## TASK BRIEF
Each record below is to be output unchanged, and any picture is to be dropped.
PROVIDED ENTRIES: Begin
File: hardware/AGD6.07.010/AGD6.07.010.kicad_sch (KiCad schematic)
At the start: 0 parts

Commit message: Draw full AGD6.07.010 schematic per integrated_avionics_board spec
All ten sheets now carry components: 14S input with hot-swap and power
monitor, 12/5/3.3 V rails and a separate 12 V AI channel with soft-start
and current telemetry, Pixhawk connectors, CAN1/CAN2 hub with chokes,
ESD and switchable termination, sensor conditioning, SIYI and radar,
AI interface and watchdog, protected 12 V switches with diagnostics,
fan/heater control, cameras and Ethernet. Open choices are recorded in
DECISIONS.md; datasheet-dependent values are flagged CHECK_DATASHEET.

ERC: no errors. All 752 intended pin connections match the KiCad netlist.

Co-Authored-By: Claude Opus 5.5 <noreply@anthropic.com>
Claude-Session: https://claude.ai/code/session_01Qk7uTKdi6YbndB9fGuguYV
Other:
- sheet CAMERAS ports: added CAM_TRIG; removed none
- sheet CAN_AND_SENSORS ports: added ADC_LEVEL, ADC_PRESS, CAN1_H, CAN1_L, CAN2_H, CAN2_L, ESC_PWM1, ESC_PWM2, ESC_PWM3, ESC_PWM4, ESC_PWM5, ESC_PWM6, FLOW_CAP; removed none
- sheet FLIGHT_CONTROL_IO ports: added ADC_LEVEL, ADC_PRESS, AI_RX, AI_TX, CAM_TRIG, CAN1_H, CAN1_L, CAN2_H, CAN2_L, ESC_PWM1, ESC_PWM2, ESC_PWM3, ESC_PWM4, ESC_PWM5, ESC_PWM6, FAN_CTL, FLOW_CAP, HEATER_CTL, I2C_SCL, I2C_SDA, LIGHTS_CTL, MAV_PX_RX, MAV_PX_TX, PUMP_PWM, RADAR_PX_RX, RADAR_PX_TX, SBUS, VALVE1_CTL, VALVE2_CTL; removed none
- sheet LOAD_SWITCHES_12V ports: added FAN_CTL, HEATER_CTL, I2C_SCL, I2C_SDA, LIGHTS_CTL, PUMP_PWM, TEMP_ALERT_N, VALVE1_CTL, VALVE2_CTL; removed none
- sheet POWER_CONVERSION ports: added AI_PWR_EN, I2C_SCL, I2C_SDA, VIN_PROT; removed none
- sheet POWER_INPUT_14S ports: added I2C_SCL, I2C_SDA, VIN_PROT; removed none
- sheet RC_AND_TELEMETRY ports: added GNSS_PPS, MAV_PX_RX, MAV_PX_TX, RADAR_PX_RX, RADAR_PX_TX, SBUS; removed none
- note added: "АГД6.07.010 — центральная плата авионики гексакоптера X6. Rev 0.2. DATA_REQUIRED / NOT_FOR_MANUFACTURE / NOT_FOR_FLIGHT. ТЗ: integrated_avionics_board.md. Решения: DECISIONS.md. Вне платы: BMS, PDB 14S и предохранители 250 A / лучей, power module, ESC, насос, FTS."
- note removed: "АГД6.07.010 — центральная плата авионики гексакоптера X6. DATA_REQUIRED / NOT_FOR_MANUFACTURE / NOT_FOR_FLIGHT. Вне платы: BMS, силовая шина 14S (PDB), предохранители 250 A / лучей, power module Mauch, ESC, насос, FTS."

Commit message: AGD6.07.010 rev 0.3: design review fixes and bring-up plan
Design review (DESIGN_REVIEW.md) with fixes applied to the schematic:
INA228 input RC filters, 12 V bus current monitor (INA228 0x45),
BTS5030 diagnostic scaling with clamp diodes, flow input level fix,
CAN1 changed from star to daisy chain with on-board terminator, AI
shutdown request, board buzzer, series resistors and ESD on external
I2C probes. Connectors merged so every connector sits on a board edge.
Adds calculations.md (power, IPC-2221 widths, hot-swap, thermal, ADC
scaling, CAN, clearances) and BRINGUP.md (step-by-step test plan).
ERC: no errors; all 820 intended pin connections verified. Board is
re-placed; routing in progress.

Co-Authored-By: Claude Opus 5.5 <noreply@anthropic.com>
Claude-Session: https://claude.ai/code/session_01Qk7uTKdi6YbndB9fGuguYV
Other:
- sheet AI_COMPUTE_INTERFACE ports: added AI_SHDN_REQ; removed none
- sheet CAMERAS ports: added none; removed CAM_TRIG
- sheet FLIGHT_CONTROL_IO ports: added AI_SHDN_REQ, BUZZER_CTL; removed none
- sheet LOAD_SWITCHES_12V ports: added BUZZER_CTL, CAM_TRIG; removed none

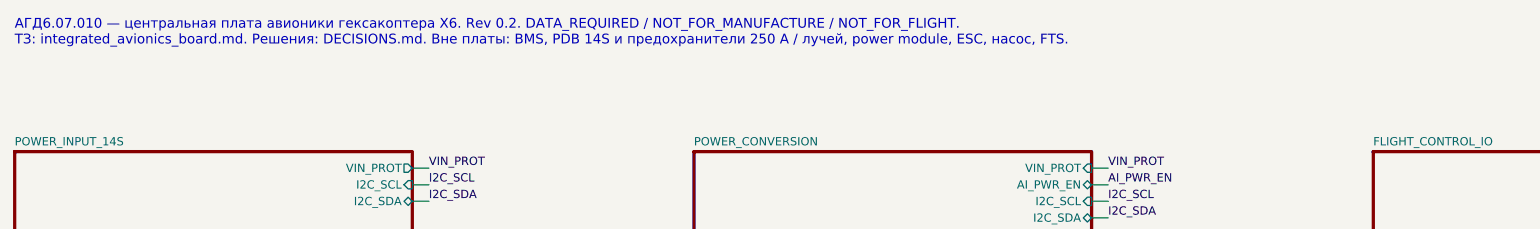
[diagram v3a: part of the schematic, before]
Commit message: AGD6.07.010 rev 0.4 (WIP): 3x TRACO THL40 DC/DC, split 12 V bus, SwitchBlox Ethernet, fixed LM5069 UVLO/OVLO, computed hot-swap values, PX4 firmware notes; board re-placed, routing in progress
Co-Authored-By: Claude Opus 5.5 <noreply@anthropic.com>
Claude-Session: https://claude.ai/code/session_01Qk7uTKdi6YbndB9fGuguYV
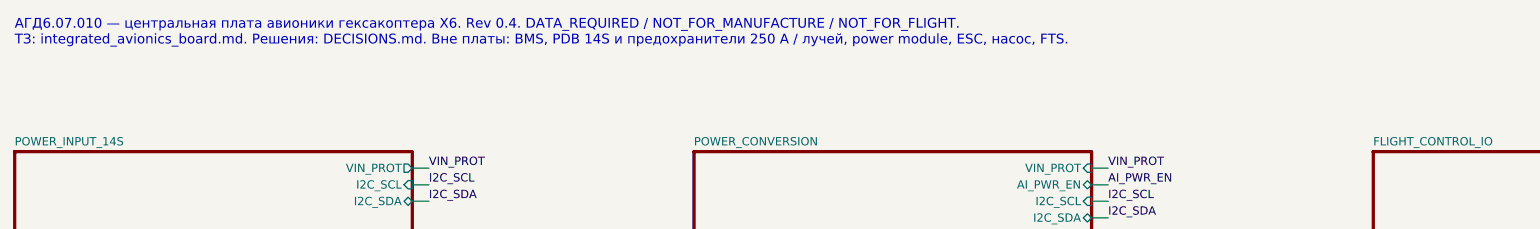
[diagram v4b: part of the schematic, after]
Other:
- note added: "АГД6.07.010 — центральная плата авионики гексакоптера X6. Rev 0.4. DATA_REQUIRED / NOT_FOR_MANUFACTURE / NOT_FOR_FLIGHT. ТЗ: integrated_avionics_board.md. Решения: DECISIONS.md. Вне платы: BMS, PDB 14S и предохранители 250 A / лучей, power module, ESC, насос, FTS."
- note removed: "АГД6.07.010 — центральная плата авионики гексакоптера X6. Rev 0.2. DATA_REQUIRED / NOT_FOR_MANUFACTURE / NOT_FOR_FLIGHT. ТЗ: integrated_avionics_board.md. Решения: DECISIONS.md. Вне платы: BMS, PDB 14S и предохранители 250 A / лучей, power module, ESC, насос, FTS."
PROVIDED ENTRIES: End
## RESPONSE TO THE TASK
File: hardware/AGD6.07.010/AGD6.07.010.kicad_sch (KiCad schematic)
At the start: 0 parts

Commit message: Draw full AGD6.07.010 schematic per integrated_avionics_board spec
All ten sheets now carry components: 14S input with hot-swap and power
monitor, 12/5/3.3 V rails and a separate 12 V AI channel with soft-start
and current telemetry, Pixhawk connectors, CAN1/CAN2 hub with chokes,
ESD and switchable termination, sensor conditioning, SIYI and radar,
AI interface and watchdog, protected 12 V switches with diagnostics,
fan/heater control, cameras and Ethernet. Open choices are recorded in
DECISIONS.md; datasheet-dependent values are flagged CHECK_DATASHEET.

ERC: no errors. All 752 intended pin connections match the KiCad netlist.

Co-Authored-By: Claude Opus 5.5 <noreply@anthropic.com>
Claude-Session: https://claude.ai/code/session_01Qk7uTKdi6YbndB9fGuguYV
Other:
- sheet CAMERAS ports: added CAM_TRIG; removed none
- sheet CAN_AND_SENSORS ports: added ADC_LEVEL, ADC_PRESS, CAN1_H, CAN1_L, CAN2_H, CAN2_L, ESC_PWM1, ESC_PWM2, ESC_PWM3, ESC_PWM4, ESC_PWM5, ESC_PWM6, FLOW_CAP; removed none
- sheet FLIGHT_CONTROL_IO ports: added ADC_LEVEL, ADC_PRESS, AI_RX, AI_TX, CAM_TRIG, CAN1_H, CAN1_L, CAN2_H, CAN2_L, ESC_PWM1, ESC_PWM2, ESC_PWM3, ESC_PWM4, ESC_PWM5, ESC_PWM6, FAN_CTL, FLOW_CAP, HEATER_CTL, I2C_SCL, I2C_SDA, LIGHTS_CTL, MAV_PX_RX, MAV_PX_TX, PUMP_PWM, RADAR_PX_RX, RADAR_PX_TX, SBUS, VALVE1_CTL, VALVE2_CTL; removed none
- sheet LOAD_SWITCHES_12V ports: added FAN_CTL, HEATER_CTL, I2C_SCL, I2C_SDA, LIGHTS_CTL, PUMP_PWM, TEMP_ALERT_N, VALVE1_CTL, VALVE2_CTL; removed none
- sheet POWER_CONVERSION ports: added AI_PWR_EN, I2C_SCL, I2C_SDA, VIN_PROT; removed none
- sheet POWER_INPUT_14S ports: added I2C_SCL, I2C_SDA, VIN_PROT; removed none
- sheet RC_AND_TELEMETRY ports: added GNSS_PPS, MAV_PX_RX, MAV_PX_TX, RADAR_PX_RX, RADAR_PX_TX, SBUS; removed none
- note added: "АГД6.07.010 — центральная плата авионики гексакоптера X6. Rev 0.2. DATA_REQUIRED / NOT_FOR_MANUFACTURE / NOT_FOR_FLIGHT. ТЗ: integrated_avionics_board.md. Решения: DECISIONS.md. Вне платы: BMS, PDB 14S и предохранители 250 A / лучей, power module, ESC, насос, FTS."
- note removed: "АГД6.07.010 — центральная плата авионики гексакоптера X6. DATA_REQUIRED / NOT_FOR_MANUFACTURE / NOT_FOR_FLIGHT. Вне платы: BMS, силовая шина 14S (PDB), предохранители 250 A / лучей, power module Mauch, ESC, насос, FTS."

Commit message: AGD6.07.010 rev 0.3: design review fixes and bring-up plan
Design review (DESIGN_REVIEW.md) with fixes applied to the schematic:
INA228 input RC filters, 12 V bus current monitor (INA228 0x45),
BTS5030 diagnostic scaling with clamp diodes, flow input level fix,
CAN1 changed from star to daisy chain with on-board terminator, AI
shutdown request, board buzzer, series resistors and ESD on external
I2C probes. Connectors merged so every connector sits on a board edge.
Adds calculations.md (power, IPC-2221 widths, hot-swap, thermal, ADC
scaling, CAN, clearances) and BRINGUP.md (step-by-step test plan).
ERC: no errors; all 820 intended pin connections verified. Board is
re-placed; routing in progress.

Co-Authored-By: Claude Opus 5.5 <noreply@anthropic.com>
Claude-Session: https://claude.ai/code/session_01Qk7uTKdi6YbndB9fGuguYV
Other:
- sheet AI_COMPUTE_INTERFACE ports: added AI_SHDN_REQ; removed none
- sheet CAMERAS ports: added none; removed CAM_TRIG
- sheet FLIGHT_CONTROL_IO ports: added AI_SHDN_REQ, BUZZER_CTL; removed none
- sheet LOAD_SWITCHES_12V ports: added BUZZER_CTL, CAM_TRIG; removed none

[diagram v3a: part of the schematic, before]
Commit message: AGD6.07.010 rev 0.4 (WIP): 3x TRACO THL40 DC/DC, split 12 V bus, SwitchBlox Ethernet, fixed LM5069 UVLO/OVLO, computed hot-swap values, PX4 firmware notes; board re-placed, routing in progress
Co-Authored-By: Claude Opus 5.5 <noreply@anthropic.com>
Claude-Session: https://claude.ai/code/session_01Qk7uTKdi6YbndB9fGuguYV
[diagram v4b: part of the schematic, after]
Other:
- note added: "АГД6.07.010 — центральная плата авионики гексакоптера X6. Rev 0.4. DATA_REQUIRED / NOT_FOR_MANUFACTURE / NOT_FOR_FLIGHT. ТЗ: integrated_avionics_board.md. Решения: DECISIONS.md. Вне платы: BMS, PDB 14S и предохранители 250 A / лучей, power module, ESC, насос, FTS."
- note removed: "АГД6.07.010 — центральная плата авионики гексакоптера X6. Rev 0.2. DATA_REQUIRED / NOT_FOR_MANUFACTURE / NOT_FOR_FLIGHT. ТЗ: integrated_avionics_board.md. Решения: DECISIONS.md. Вне платы: BMS, PDB 14S и предохранители 250 A / лучей, power module, ESC, насос, FTS."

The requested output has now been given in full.